Sign Up for Vincent AI
Miller & Son Paving, Inc. v. Teamsters Pension Trust Fund of Phila. & Vicinity
MEMORANDUM
This is an ERISA case involving an employer's obligation to fund future liabilities when withdrawing from a pension plan. The employer has appealed an arbitrator's opinion and award, challenging the method of calculating its liability when it withdrew from a multiemployer pension plan. Because I find that the employer's withdrawal liability was calculated under a reasonable interpretation of the plan and its supplementary documents, I affirm the arbitrator's opinion and award.

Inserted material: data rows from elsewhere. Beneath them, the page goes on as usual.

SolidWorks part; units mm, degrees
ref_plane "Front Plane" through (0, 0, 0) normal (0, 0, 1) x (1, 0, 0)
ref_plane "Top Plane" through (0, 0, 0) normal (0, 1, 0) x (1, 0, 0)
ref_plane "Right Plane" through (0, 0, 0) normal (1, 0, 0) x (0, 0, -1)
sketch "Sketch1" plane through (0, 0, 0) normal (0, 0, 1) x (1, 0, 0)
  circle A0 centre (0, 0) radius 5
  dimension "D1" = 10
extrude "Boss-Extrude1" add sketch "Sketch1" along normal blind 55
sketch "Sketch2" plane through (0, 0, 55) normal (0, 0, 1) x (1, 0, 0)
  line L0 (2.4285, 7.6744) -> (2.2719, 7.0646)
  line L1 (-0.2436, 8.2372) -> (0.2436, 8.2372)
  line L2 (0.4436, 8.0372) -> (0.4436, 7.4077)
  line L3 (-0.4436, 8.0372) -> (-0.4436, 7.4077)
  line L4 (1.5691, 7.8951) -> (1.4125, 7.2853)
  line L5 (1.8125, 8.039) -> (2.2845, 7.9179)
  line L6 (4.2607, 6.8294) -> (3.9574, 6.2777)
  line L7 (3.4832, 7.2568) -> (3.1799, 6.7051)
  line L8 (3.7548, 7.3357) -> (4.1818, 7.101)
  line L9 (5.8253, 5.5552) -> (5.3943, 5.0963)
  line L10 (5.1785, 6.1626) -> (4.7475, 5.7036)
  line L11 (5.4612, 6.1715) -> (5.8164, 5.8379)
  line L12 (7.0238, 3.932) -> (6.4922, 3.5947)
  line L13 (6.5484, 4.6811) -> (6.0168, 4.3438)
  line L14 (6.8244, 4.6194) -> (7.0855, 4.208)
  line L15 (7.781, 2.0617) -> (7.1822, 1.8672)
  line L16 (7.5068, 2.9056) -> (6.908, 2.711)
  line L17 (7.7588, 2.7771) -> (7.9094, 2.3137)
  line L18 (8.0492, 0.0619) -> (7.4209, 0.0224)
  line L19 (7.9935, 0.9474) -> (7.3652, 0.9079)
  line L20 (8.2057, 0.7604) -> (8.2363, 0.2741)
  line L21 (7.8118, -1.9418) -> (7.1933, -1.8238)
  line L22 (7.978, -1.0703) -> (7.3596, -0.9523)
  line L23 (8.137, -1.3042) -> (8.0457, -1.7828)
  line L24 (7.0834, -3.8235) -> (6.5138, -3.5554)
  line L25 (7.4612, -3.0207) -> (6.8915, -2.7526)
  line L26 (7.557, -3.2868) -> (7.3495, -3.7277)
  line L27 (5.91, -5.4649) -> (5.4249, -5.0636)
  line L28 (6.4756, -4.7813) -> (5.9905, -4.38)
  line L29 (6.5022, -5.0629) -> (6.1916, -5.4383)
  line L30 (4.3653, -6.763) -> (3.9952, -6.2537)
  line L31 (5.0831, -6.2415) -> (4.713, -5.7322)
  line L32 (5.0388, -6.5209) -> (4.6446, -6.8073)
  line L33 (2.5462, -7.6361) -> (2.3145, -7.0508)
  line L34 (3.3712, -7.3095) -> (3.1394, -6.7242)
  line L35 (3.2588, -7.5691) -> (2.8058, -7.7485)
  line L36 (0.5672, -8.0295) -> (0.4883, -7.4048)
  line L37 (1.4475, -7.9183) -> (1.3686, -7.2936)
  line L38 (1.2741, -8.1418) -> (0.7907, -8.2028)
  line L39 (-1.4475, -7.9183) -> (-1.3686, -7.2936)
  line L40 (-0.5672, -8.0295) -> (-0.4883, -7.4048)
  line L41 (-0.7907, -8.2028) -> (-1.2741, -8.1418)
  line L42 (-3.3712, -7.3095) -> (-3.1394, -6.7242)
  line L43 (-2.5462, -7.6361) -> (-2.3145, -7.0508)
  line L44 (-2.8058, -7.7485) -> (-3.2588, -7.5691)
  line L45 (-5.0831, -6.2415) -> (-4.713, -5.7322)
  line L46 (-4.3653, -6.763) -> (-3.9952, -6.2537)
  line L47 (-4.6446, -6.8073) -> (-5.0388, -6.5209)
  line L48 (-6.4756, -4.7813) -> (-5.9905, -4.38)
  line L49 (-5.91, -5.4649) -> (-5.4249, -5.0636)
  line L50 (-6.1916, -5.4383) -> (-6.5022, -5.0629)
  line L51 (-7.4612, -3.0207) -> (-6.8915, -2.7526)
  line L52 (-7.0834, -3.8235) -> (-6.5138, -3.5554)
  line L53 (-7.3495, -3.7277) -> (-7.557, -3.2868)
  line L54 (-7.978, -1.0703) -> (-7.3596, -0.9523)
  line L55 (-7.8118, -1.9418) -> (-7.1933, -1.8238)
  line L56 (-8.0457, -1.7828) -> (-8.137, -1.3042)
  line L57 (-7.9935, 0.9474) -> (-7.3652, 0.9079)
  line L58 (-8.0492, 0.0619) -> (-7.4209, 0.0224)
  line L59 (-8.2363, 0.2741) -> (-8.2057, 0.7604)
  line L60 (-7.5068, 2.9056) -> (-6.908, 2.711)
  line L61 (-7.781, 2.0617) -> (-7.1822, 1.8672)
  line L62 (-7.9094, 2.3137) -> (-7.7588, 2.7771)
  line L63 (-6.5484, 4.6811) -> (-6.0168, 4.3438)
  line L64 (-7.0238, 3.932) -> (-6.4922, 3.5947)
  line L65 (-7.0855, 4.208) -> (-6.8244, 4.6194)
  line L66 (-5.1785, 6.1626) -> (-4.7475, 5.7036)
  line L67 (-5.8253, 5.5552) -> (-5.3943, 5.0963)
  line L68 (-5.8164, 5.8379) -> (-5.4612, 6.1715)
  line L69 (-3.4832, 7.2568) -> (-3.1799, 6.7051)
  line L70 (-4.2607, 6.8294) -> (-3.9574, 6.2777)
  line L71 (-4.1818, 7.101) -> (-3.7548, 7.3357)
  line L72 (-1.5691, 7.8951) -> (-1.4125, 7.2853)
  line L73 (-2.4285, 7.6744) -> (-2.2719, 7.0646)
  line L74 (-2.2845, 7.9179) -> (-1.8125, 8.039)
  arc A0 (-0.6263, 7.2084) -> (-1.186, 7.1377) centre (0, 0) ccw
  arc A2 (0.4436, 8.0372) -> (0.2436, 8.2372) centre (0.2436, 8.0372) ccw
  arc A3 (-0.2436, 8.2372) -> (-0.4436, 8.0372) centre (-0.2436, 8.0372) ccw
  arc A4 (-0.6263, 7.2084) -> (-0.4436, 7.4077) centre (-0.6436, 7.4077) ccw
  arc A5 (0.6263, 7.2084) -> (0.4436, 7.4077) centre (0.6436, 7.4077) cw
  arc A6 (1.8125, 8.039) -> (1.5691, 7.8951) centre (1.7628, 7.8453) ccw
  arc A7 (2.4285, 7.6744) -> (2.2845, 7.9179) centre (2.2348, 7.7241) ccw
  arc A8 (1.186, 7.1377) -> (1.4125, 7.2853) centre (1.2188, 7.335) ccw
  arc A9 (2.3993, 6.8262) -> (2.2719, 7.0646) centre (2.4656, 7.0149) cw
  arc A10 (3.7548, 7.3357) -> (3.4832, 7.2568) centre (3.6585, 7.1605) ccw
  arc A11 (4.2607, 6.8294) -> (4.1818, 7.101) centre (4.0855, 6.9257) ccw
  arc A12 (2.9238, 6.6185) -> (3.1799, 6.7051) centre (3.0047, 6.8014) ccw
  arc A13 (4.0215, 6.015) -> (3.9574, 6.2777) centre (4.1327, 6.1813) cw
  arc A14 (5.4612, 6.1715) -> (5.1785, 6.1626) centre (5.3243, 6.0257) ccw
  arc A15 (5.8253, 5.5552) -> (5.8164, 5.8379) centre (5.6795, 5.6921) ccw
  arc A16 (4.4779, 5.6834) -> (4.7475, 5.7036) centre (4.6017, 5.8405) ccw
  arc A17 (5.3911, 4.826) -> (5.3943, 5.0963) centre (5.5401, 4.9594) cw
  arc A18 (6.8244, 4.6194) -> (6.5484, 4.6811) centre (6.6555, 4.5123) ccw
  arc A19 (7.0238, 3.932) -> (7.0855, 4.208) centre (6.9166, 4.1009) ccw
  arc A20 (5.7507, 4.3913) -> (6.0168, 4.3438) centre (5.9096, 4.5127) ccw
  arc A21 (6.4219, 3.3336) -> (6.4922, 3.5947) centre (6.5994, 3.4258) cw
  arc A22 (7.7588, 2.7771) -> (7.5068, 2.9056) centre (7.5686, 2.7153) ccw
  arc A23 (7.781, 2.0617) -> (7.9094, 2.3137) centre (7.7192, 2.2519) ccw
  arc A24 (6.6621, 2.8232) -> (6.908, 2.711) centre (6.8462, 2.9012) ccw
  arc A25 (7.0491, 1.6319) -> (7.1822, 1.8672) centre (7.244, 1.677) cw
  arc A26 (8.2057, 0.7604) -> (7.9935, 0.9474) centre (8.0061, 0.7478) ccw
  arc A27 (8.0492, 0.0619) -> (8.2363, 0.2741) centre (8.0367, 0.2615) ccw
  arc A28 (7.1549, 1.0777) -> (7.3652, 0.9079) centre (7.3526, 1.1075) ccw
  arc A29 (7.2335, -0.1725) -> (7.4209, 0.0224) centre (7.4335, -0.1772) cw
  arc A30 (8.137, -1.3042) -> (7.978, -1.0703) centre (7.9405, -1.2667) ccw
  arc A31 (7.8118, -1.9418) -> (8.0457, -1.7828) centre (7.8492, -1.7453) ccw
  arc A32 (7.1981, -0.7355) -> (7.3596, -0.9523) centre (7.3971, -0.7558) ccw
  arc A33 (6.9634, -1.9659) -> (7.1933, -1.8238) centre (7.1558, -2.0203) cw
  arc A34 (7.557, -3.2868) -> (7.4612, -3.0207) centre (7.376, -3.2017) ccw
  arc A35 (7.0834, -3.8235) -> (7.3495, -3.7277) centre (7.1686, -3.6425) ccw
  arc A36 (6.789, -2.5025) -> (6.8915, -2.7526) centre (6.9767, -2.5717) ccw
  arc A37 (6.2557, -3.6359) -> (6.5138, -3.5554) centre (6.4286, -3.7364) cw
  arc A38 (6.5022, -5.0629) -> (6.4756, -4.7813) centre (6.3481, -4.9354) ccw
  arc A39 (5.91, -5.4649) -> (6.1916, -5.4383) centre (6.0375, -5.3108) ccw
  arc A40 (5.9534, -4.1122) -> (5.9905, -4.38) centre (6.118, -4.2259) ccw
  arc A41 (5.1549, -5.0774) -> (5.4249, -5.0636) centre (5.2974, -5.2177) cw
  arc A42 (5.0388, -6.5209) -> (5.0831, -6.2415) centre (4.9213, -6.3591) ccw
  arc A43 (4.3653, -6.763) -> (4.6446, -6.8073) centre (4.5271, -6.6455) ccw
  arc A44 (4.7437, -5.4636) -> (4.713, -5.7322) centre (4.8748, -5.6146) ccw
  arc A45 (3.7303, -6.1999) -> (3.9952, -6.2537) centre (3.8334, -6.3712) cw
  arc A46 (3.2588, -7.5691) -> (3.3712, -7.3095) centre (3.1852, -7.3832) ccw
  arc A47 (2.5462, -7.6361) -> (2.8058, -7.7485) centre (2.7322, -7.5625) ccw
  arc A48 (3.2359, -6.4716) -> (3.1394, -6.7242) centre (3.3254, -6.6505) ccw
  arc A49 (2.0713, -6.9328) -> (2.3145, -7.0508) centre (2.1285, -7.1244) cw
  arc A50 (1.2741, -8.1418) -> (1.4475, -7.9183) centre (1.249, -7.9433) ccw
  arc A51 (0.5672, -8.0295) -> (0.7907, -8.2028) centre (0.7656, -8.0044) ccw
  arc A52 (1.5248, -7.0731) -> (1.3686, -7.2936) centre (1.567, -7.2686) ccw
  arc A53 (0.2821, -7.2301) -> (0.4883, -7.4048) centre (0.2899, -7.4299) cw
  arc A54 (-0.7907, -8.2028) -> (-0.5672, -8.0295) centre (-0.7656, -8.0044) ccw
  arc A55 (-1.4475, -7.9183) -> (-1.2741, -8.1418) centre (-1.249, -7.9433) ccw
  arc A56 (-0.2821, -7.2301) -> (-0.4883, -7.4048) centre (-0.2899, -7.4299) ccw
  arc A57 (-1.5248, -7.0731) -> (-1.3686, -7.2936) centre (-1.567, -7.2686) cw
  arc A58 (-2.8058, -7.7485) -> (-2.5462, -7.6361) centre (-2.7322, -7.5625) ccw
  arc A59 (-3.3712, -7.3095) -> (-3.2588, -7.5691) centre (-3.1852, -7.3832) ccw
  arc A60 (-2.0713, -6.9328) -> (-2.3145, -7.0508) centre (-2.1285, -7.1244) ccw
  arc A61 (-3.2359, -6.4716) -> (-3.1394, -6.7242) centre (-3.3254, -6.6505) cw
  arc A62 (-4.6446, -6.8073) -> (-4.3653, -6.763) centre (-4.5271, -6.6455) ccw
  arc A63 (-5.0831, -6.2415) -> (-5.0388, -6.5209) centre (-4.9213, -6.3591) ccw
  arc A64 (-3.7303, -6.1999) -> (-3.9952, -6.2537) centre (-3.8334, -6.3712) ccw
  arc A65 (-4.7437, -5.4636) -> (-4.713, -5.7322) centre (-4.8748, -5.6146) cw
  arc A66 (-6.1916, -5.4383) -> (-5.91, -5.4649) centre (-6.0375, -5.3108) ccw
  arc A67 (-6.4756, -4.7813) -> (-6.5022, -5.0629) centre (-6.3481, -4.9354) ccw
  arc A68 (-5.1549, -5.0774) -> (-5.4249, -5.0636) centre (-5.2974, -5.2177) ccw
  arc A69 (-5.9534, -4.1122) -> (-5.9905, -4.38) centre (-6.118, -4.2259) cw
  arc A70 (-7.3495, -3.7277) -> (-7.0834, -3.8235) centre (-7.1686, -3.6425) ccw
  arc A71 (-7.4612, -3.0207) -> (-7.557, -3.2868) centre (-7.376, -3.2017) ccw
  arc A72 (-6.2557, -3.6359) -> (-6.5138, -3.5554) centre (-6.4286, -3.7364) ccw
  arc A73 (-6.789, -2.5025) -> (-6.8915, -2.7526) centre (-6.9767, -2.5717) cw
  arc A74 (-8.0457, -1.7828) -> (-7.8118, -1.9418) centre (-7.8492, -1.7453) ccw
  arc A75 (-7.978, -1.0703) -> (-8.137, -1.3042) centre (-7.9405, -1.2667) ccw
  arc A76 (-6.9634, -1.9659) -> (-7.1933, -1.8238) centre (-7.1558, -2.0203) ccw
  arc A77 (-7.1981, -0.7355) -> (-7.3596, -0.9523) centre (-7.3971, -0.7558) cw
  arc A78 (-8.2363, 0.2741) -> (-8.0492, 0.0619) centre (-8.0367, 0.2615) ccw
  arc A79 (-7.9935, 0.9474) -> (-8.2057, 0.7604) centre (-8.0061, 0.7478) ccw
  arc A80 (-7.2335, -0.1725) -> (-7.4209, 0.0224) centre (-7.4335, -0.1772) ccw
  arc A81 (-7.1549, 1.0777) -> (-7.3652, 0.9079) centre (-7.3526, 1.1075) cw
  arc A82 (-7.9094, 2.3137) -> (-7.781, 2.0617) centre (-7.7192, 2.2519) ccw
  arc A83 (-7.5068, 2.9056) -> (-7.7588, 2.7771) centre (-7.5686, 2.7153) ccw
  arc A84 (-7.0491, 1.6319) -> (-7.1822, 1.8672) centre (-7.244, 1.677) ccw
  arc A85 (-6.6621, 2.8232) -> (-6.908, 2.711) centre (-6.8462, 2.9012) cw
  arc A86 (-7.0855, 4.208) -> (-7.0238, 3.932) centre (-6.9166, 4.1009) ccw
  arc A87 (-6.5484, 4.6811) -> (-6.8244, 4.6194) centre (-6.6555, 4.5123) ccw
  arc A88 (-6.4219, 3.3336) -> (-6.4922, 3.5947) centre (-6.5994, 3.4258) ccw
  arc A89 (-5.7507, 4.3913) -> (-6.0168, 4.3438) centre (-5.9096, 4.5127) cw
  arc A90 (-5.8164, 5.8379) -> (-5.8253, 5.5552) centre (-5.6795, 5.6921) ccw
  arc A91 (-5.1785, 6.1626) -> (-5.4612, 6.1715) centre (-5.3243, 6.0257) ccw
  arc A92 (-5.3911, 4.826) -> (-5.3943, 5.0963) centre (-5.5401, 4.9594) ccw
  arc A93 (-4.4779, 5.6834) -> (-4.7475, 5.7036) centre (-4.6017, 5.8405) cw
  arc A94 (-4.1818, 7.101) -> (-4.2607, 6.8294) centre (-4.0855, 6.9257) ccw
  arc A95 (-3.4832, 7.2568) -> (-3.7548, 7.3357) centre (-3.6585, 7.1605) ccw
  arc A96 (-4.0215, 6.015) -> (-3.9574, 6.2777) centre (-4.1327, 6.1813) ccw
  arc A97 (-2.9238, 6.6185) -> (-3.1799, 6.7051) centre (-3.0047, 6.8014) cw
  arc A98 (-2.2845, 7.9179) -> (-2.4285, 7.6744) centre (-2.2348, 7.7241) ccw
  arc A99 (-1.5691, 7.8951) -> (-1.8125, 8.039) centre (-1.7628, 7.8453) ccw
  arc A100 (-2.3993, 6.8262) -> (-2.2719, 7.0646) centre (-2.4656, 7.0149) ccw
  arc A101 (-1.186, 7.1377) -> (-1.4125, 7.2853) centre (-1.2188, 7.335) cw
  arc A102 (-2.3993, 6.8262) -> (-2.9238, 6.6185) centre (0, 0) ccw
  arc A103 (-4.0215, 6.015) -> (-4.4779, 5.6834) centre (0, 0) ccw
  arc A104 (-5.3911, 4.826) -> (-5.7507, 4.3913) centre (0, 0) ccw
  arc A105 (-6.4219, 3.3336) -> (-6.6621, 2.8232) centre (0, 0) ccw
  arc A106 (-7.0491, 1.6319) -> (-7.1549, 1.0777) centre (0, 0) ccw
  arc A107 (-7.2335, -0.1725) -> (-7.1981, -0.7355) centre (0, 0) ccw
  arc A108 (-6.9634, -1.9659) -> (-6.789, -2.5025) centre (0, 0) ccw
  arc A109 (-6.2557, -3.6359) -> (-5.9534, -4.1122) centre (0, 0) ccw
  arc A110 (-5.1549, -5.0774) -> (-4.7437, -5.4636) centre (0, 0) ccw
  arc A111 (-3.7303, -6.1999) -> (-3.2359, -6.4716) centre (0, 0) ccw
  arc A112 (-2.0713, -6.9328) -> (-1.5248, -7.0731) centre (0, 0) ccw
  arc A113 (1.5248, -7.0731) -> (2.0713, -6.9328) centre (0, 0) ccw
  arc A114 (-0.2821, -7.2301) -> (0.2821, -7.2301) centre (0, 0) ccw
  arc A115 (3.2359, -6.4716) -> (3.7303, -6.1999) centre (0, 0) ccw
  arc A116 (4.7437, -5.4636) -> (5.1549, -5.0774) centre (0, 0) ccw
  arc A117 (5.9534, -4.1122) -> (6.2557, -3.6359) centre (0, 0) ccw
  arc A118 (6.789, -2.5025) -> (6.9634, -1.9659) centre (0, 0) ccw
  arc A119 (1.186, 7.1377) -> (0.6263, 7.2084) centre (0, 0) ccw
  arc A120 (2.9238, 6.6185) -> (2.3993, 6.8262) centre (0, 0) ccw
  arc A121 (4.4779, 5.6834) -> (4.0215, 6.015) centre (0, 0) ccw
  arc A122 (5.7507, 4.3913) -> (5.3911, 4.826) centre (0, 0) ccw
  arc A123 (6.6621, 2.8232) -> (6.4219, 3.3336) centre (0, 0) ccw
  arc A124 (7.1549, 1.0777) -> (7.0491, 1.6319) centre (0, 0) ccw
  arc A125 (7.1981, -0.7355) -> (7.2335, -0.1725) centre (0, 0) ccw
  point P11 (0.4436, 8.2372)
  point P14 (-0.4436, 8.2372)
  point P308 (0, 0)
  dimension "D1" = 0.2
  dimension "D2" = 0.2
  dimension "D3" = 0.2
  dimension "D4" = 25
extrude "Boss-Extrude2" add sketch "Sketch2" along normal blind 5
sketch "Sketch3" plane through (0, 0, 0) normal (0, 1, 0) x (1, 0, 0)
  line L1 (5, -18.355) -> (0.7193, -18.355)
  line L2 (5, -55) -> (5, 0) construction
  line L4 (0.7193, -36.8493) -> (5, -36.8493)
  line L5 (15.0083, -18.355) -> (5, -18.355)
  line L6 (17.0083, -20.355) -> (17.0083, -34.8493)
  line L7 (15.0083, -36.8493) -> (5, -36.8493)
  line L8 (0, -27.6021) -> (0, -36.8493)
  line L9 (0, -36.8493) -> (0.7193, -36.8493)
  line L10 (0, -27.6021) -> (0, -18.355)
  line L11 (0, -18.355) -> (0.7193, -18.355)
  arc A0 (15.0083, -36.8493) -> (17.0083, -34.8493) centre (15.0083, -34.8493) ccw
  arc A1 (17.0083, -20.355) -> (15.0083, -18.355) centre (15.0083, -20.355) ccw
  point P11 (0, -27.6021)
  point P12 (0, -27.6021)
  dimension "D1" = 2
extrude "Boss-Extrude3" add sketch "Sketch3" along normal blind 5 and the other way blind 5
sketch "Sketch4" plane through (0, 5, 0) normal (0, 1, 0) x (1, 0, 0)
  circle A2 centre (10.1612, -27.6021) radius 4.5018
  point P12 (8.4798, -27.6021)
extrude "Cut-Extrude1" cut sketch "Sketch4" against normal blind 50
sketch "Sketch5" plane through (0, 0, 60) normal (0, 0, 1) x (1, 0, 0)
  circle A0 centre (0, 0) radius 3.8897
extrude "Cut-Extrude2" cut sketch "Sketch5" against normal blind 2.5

Appellee (the Fund) is a jointly administered multiemployee pension benefit plan within the meaning of the Employee Retirement Income Security Act of 1874 (ERISA), 29 U.S.C. §§ 1001-1461, and the Multiemployer Pension Plan Amendments Act of 1980 (MPPAA), id. §§ 1381-1461. Appellant (Miller) is a Pennsylvania corporation that contributed to the Fund pursuant to a number of collective bargaining agreements to which Miller was a party. On or about December 31, 2011, Miller ceased its operations covered by the Fund and effected a "complete withdrawal" from the Fund within the meaning of the MPPAA, id. § 1383(a)(2). The Fund determined that Miller had incurred withdrawal liability1 of $1,487,097.71. Miller challenged the assessment of liability—claiming it should have been reduced to $601,634—and submitted a Demand for Arbitration. An evidentiary hearing was held before an arbitrator, Mariann Schick, Esq., and she issued an Opinion and Award on July 30, 2015, approving the Fund's calculation of withdrawal liability.
ERISA provides that "[e]very employer benefit plan shall be established and maintained pursuant to a written instrument." 29 U.S.C. § 1102(a)(1). The plan's fiduciary must act "in accordance with the documents and instruments governing the plan insofar as" they are consistent with ERISA. Id. § 1104(a)(1)(D).
This case turns on the Fund's calculation of Miller's withdrawal liability pursuant to Article IX, Section C (Section C) of the Teamsters Pension Plan of Philadelphia and Vicinity (the Plan), which provides in relevant part:
In accordance with the advice of the Trust Fund's enrolled actuary, the actuarial assumptions used in calculating withdrawal liability shall be the same actuarial assumptions used in determining the Trust Fund's minimum funding standards under the Internal Revenue Code.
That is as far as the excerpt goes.